Schau dir mal Scanner an. Damit geht das Einlesen viel einfacher. Bei der Dezimaleingabe musst du beachten: Es ist länderspezifisch: 
In Deutschland musst du dezimal so schreiben: 2,52
und English so: 2.52

Das wirst du aber schon merken, wenn du eine falsche Eingabe getätigt hast ;-)

MFG

Tomate_Salat


----------



## Fightbackplaya (24. Sep 2010)

import java.io.IOException;
import java.util.Scanner;


public class RechtEck {
	public static void main(String[] args) throws IOException{
		Scanner seiten = new Scanner(System.in);


		System.out.println("Berechnung eines RechtEckes\nBitte geben Sie die Seite A ein");
		double a = seiten.nextInt();;
		System.out.println("Seite B eingeben lan!!");
		double b = seiten.nextInt();
		double c;
		c= a*b;
		System.out.println("Das Rechteck ist"+ c + "groß!!");
	}
}
so hat das geklappt danke tomat aber wo war den der fehler oben???


----------



## SlaterB (24. Sep 2010)

System.in.read();
hat eine bestimmte Funktion, die man auch nachlesen kann, die aber nicht 'einen double-Wert einlesen' ist,

bevor du nicht in einem Tutorial vorbeigekommen bist, welches sich speziell um das Einlesen von Werten aus der Konsole dreht,
solltest du eher nicht wild Befehle ausprobieren..

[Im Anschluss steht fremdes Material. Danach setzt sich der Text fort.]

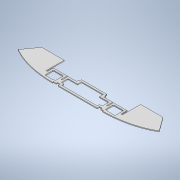
# Autodesk Inventor part: bulkhead_main
Saved by Autodesk Inventor 2022 (Build 260153000, 153)
## iProperties
Created: 2021-04-24
Part Number: bulkhead_main
Material: Generic
Document SubType Name: Modeling
Designer: kardo
Density: 1 g/cm^3
Appearance: Default
Mass: 15.0442 g
Surface Area: 175.344 cm^2
Volume: 15.0442 cm^3
Author: kardo
Autodesk Inventor part; units mm, degrees
ref_plane "YZ Plane" through (0, 0, 0) normal (1, 0, 0) x (0, 1, 0)
ref_plane "XZ Plane" through (0, 0, 0) normal (0, 1, 0) x (-1, 0, 0)
ref_plane "XY Plane" through (0, 0, 0) normal (0, 0, 1) x (1, 0, 0)
derived "frame_outline.ipt"
sketch "bh_main" plane through (0, 0, 0) normal (0, 1, 0) x (-1, 0, 0)
  line L0 (-81, 19.8753) -> (-133.5, 0) construction
  line L1 (-156, 31.008) -> (-133.5, 0) construction
  line L2 (-133.5, 0) -> (-104.625, 0) construction
  line L3 (-81, 4.352) -> (-81, 26.5308) construction
  line L4 (-81, 26.5308) -> (-30, 26.5308) construction
  line L5 (-30, 26.5308) -> (-30, 17.8644) construction
  line L6 (-30, 17.8644) -> (0, 17.8644) construction
  line L7 (-104.625, 0) -> (-81, 0) construction
  line L8 (-81, 4.352) -> (-81, 0) construction
  line L9 (-55, 55.974) -> (0, 55.974) construction
  line L10 (0, 55.174) -> (0, 18.6644)
  line L11 (0, -19.4928) -> (0, 86.9585) construction
  line L12 (0, 55.174) -> (-55, 55.174)
  line L13 (-154.827, 30.7537) -> (-133.0921, 0.8)
  line L14 (-133.0921, 0.8) -> (-81, 0.8)
  line L15 (0, 18.6644) -> (-28, 18.6644)
  line L16 (-28, 18.6644) -> (-28, 27.3308)
  line L17 (-28, 27.3308) -> (-81, 27.3308)
  line L18 (-81, 27.3308) -> (-81, 0.8)
  spline S0 degree 4 poles (-156, 31.008) (-141.197, 39.4592) (-115.7093, 49.7229) (-91.1756, 54.0594) (-64.7341, 55.974) (-55, 55.974) knots 0 0 0 0 0 0.628223 1 1 1 1 1
  spline S1 degree 3 poles (-55, 55.174) (-57.8721, 55.174) (-62.9171, 55.0523) (-68.6715, 54.7173) (-72.9721, 54.3919) (-75.8302, 54.1391) (-79.3894, 53.7801) (-82.2253, 53.4591) (-85.7552, 53.0157) (-88.5673, 52.6269) (-92.7689, 51.9904) (-96.9501, 51.2808) (-102.5023, 50.1987) (-106.6538, 49.2786) (-110.7984, 48.2651) (-113.5582, 47.5419) (-117.0041, 46.5761) (-119.7575, 45.7532) (-123.1946, 44.6603) (-125.9399, 43.734) (-129.3642, 42.5097) (-132.0971, 41.4769) (-135.5019, 40.1186) (-138.2157, 38.9779) (-142.2664, 37.1856) (-147.6278, 34.6514) (-152.2348, 32.2151) (-154.827, 30.7537) knots 0.008263 0.008263 0.008263 0.008263 0.090908 0.152892 0.173553 0.214875 0.235536 0.276859 0.29752 0.338842 0.359503 0.421487 0.462809 0.524793 0.545454 0.586776 0.607438 0.64876 0.669421 0.710743 0.731405 0.772727 0.793388 0.834711 0.855372 0.917355 1 1 1 1
  point P0 (0, 0)
  point P1 (-81, 40.4654)
extrude "Extrusion1" add sketch "bh_main" along normal blind 2
sketch "Sketch2" plane through (0, 2, 55.174) normal (0, 1, 0) x (1, 0, 0)
  line L0 (81, 54.374) -> (81, 27.8432) projected
  line L1 (133.0921, 54.374) -> (81, 54.374) projected
  line L2 (81, 27.8432) -> (81, 14.7086)
  line L3 (81, 14.7086) -> (84, 14.7086)
  line L4 (84, 14.7086) -> (84, 54.374)
  line L5 (81, 27.8432) -> (28, 27.8432) projected
  line L6 (0, 36.5097) -> (0, 0) projected
  point P0 (0, 55.174)
  dimension "d3" = 3
  dimension "d37" = 27.8432
  constraints: 6 end point, 2 point on line, 1 collinear, 1 horizontal, 1 parallel
  measures "d3" distance of L2.end L3.end
  measures "d37" vertical distance of L6.end L0.end
sketch "Sketch3" plane through (0, 2, 55.174) normal (0, 1, 0) x (1, 0, 0)
  line L0 (0, 0) -> (55, 0) projected
  line L1 (55, 0) -> (55, 2)
  line L2 (55, 2) -> (49, 2)
  line L3 (49, 2) -> (49, 5)
  line L4 (49, 5) -> (43, 5)
  line L5 (43, 5) -> (43, 0)
  point P0 (0, 55.174)
  dimension "d6" = 6
  dimension "d7" = 6
  dimension "d8" = 2
  dimension "d9" = 5
  constraints: 10 end point, 3 vertical, 2 horizontal, 1 point on line
  measures "d6" distance of L1.end L2.end
  measures "d7" distance of L3.end L4.end
  measures "d8" distance of L0.end L1.end
  measures "d9" distance of L4.end L5.end
extrude "Extrusion2" cut sketch "Sketch2" against normal through all
extrude "Extrusion3" cut sketch "Sketch3" against normal through all
sketch "Sketch5" plane through (0, 2, 18.6644) normal (0, 1, 0) x (1, 0, 0)
  line L0 (77, -12.6664) -> (77, -31.3553)
  line L1 (77, -31.3553) -> (59, -31.3553)
  line L2 (55, -30.5097) -> (55, -12.6664)
  line L3 (55, -12.6664) -> (77, -12.6664)
  line L4 (81, -21.801) -> (81, -8.6664) projected
  line L5 (81, -8.6664) -> (28, -8.6664) projected
  line L6 (55, -34.5097) -> (55, -36.5097) projected
  line L7 (77, -31.3553) -> (77, -35.3553) construction
  line L8 (59, -31.3553) -> (59, -30.5097)
  line L9 (59, -30.5097) -> (55, -30.5097)
  line L10 (49, -34.5097) -> (55, -34.5097) projected
  line L11 (49, -31.5097) -> (49, -34.5097) projected
  point P0 (0, 18.6644)
  dimension "d21" = 4
  dimension "d22" = 4
  dimension "d24" = 4
  dimension "d42" = 4
  dimension "d43" = 6
  dimension "d44" = 4
  constraints: 14 end point, 6 parallel, 1 collinear, 1 horizontal, 2 other
  measures "d21" distance between parallel lines of L4 L0
  measures "d22" distance between parallel lines of L5 L3
  measures "d24" distance of L0.end L7.end
  measures "d42" distance between parallel lines of L9 L10
  measures "d43" distance between parallel lines of L2 L11
  measures "d44" distance between parallel lines of L6 L8
sketch "Sketch6" plane through (0, 2, 18.6644) normal (0, 1, 0) x (1, 0, 0)
  line L0 (55, -34.5097) -> (55, -36.5097) projected
  line L1 (43, -31.5097) -> (49, -31.5097) projected
  line L2 (43, -36.5097) -> (43, -31.5097) projected
  line L3 (0, -36.5097) -> (43, -36.5097) projected
  line L4 (28, 0) -> (0, 0) projected
  line L5 (28, -8.6664) -> (28, 0) projected
  line L6 (81, -8.6664) -> (28, -8.6664) projected
  line L7 (0, 0) -> (0, -36.5097) projected
  line L8 (0, 0) -> (0, -36.5097) projected
  line L9 (0, -32.5097) -> (39, -32.5097)
  line L10 (39, -32.5097) -> (39, -27.5097)
  line L11 (39, -27.5097) -> (45, -27.5097)
  line L12 (45, -27.5097) -> (45, -12.6664)
  line L13 (45, -12.6664) -> (24, -12.6664)
  line L14 (24, -12.6664) -> (24, -4)
  line L15 (24, -4) -> (0, -4)
  line L16 (49, -31.5097) -> (49, -34.5097) projected
  point P0 (0, 18.6644)
  point P1 (0, -32.5097)
  dimension "d25" = 4
  dimension "d26" = 4
  dimension "d27" = 4
  dimension "d28" = 4
  dimension "d30" = 4
  dimension "d31" = 4
  dimension "d45" = 4
  constraints: 14 end point, 7 parallel, 2 point on line
  measures "d25" distance between parallel lines of L5 L14
  measures "d26" distance between parallel lines of L4 L15
  measures "d27" distance between parallel lines of L3 L9
  measures "d28" distance between parallel lines of L10 L2
  measures "d30" distance between parallel lines of L1 L11
  measures "d31" distance between parallel lines of L6 L13
  measures "d45" distance between parallel lines of L12 L16
extrude "Extrusion5" cut sketch "Sketch5" against normal through all
extrude "Extrusion6" cut sketch "Sketch6" against normal through all
sketch "Sketch7" plane through (0, 2, 18.6644) normal (0, 1, 0) x (1, 0, 0)
  line L0 (81, -8.6664) -> (28, -8.6664) projected
  line L1 (28, -8.6664) -> (28, 0) projected
  line L2 (30, -8.6664) -> (30, -4.3332)
  line L3 (30, -4.3332) -> (28, -4.3332)
  point P0 (0, 18.6644)
  dimension "d39" = 2
  constraints: 4 end point, 2 coincident, 2 parallel, 1 midpoint, 1 point on line, 1 symmetric about line
  measures "d39" distance between parallel lines of L2 L1
extrude "Extrusion7" add sketch "Sketch7" against normal up to surface (2 mm away)
fillet "Fillet1" radius 1.3333 8 edges at (77, 1, 31.3308) (77, 1, 50.0197) (55, 1, 49.174) (55, 1, 31.3308) (45, 1, 31.3308) (45, 1, 46.174) (59, 1, 49.174) (59, 1, 50.0197)
sketch "Sketch9" plane through (0, 2, 18.6644) normal (0, 1, 0) x (1, 0, 0)
  line L0 (81, -8.6664) -> (30, -8.6664) projected
  line L1 (51, -8.6664) -> (51, -21.801)
  line L2 (51, -21.801) -> (49, -21.801)
  line L3 (49, -21.801) -> (49, -8.6664)
  line L4 (84, -21.801) -> (81, -21.801) projected
  line L5 (49, -31.5097) -> (49, -34.5097) projected
  point P0 (0, 18.6644)
  dimension "d47" = 2
  constraints: 6 end point, 2 collinear, 2 point on line, 2 vertical, 1 horizontal
  measures "d47" distance between parallel lines of L3 L1
extrude "Extrusion8" cut sketch "Sketch9" against normal through all
mirror "Mirror1" about plane through (0, 0, 0) normal (1, 0, 0)
equation "\"d1\" = bulkhead_thickness"
equation "\"d3\" = stringer_thickness"
equation "\"d6\" = cowl_liner_width"
equation "\"d7\" = cowl_insulation_width"
equation "\"d8\" = cowl_liner_thickness"
equation "\"d9\" = cowl_liner_thickness + cowl_insulation_thickness"
equation "\"d21\" = inset"
equation "\"d22\" = inset"
equation "\"d24\" = inset"
equation "\"d42\" = inset"
equation "\"d43\" = inset + bulkhead_thickness"
equation "\"d44\" = inset"
equation "\"d25\" = inset"
equation "\"d26\" = inset"
equation "\"d27\" = inset"
equation "\"d28\" = inset"
equation "\"d30\" = inset"
equation "\"d31\" = inset"
equation "\"d45\" = inset"
equation "\"d39\" = bulkhead_thickness"
equation "\"d36\" = 0.333333 * inset"
equation "\"d47\" = bulkhead_thickness"
equation "\"bulkhead_thickness\" = 2"
equation "\"stringer_thickness\" = 3"
equation "\"cowl_liner_width\" = 6"
equation "\"cowl_insulation_width\" = 6"
equation "\"cowl_liner_thickness\" = 2"
equation "\"cowl_insulation_thickness\" = 3"
equation "\"inset\" = 4"
body "Solid1"
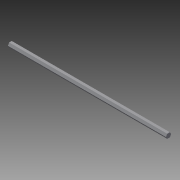
# Autodesk Inventor part: Hexagon Rodpart 2
Saved by Autodesk Inventor 2015 (Build 190159000, 159)
## iProperties
Created: 2015-01-17
Part Number: Hexagon Rodpart 2
Material: Generic
Document SubType Name: Modeling
Designer: whitaus15
Density: 1 g/cm^3
Appearance: Default
Author: whitaus15
Autodesk Inventor part; units mm, degrees
ref_plane "YZ Plane" through (0, 0, 0) normal (1, 0, 0) x (0, 1, 0)
ref_plane "XZ Plane" through (0, 0, 0) normal (0, 1, 0) x (-1, 0, 0)
ref_plane "XY Plane" through (0, 0, 0) normal (0, 0, 1) x (1, 0, 0)
sketch "Sketch1" plane through (0, 0, 0) normal (0, 1, 0) x (-1, 0, 0)
  point P0 (0, 0)
sketch "Sketch2" plane through (0, 0, 0) normal (1, 0, 0) x (0, 1, 0)
  line L0 (1.6165, 4.7349) -> (1.4691, 10.3193)
  line L1 (1.4691, 10.3193) -> (6.2316, 13.2392)
  line L2 (6.2316, 13.2392) -> (11.1415, 10.5747)
  line L3 (11.1415, 10.5747) -> (11.2889, 4.9903)
  line L4 (11.2889, 4.9903) -> (6.5264, 2.0704)
  line L5 (6.5264, 2.0704) -> (1.6165, 4.7349)
  point P0 (0, 0)
  point P1 (6.379, 7.6548)
  dimension "d0" = 9.525
  constraints: 12 end point, 13 other
  measures "d0" horizontal distance of L0.start L2.end
extrude "Extrusion1" add sketch "Sketch2" along normal blind 342.9
body "Solid1"

schreibe unbedingt Java-Tags um deinen Code!


----------



## Fightbackplaya (24. Sep 2010)

obwohl es double ist kann ich keine 3,5 oder 3.5 eingeben springt er sofort raus 
Berechnung eines RechtEckes
Bitte geben Sie die Seite A ein
3,5
Exception in thread "main" java.util.InputMismatchException
	at java.util.Scanner.throwFor(Unknown Source)
	at java.util.Scanner.next(Unknown Source)
	at java.util.Scanner.nextInt(Unknown Source)
	at java.util.Scanner.nextInt(Unknown Source)
	at RechtEck.main(RechtEck.java:11)


----------



## SlaterB (24. Sep 2010)

"nextInt();"
bitte bei dir zu Hause laut vorlesen, 

was 'int' und was 'double' ist, weißt du?


----------



## ARadauer (24. Sep 2010)

bisschen die Grundlagen lernen schadet nicht. Ich geh auch nicht in ein Heimwerker Forum und frag was ein Hammer ist...

java.util.InputMismatchException Warum gehn die blöden schrauben mit meinem Hammer nicht rein???


----------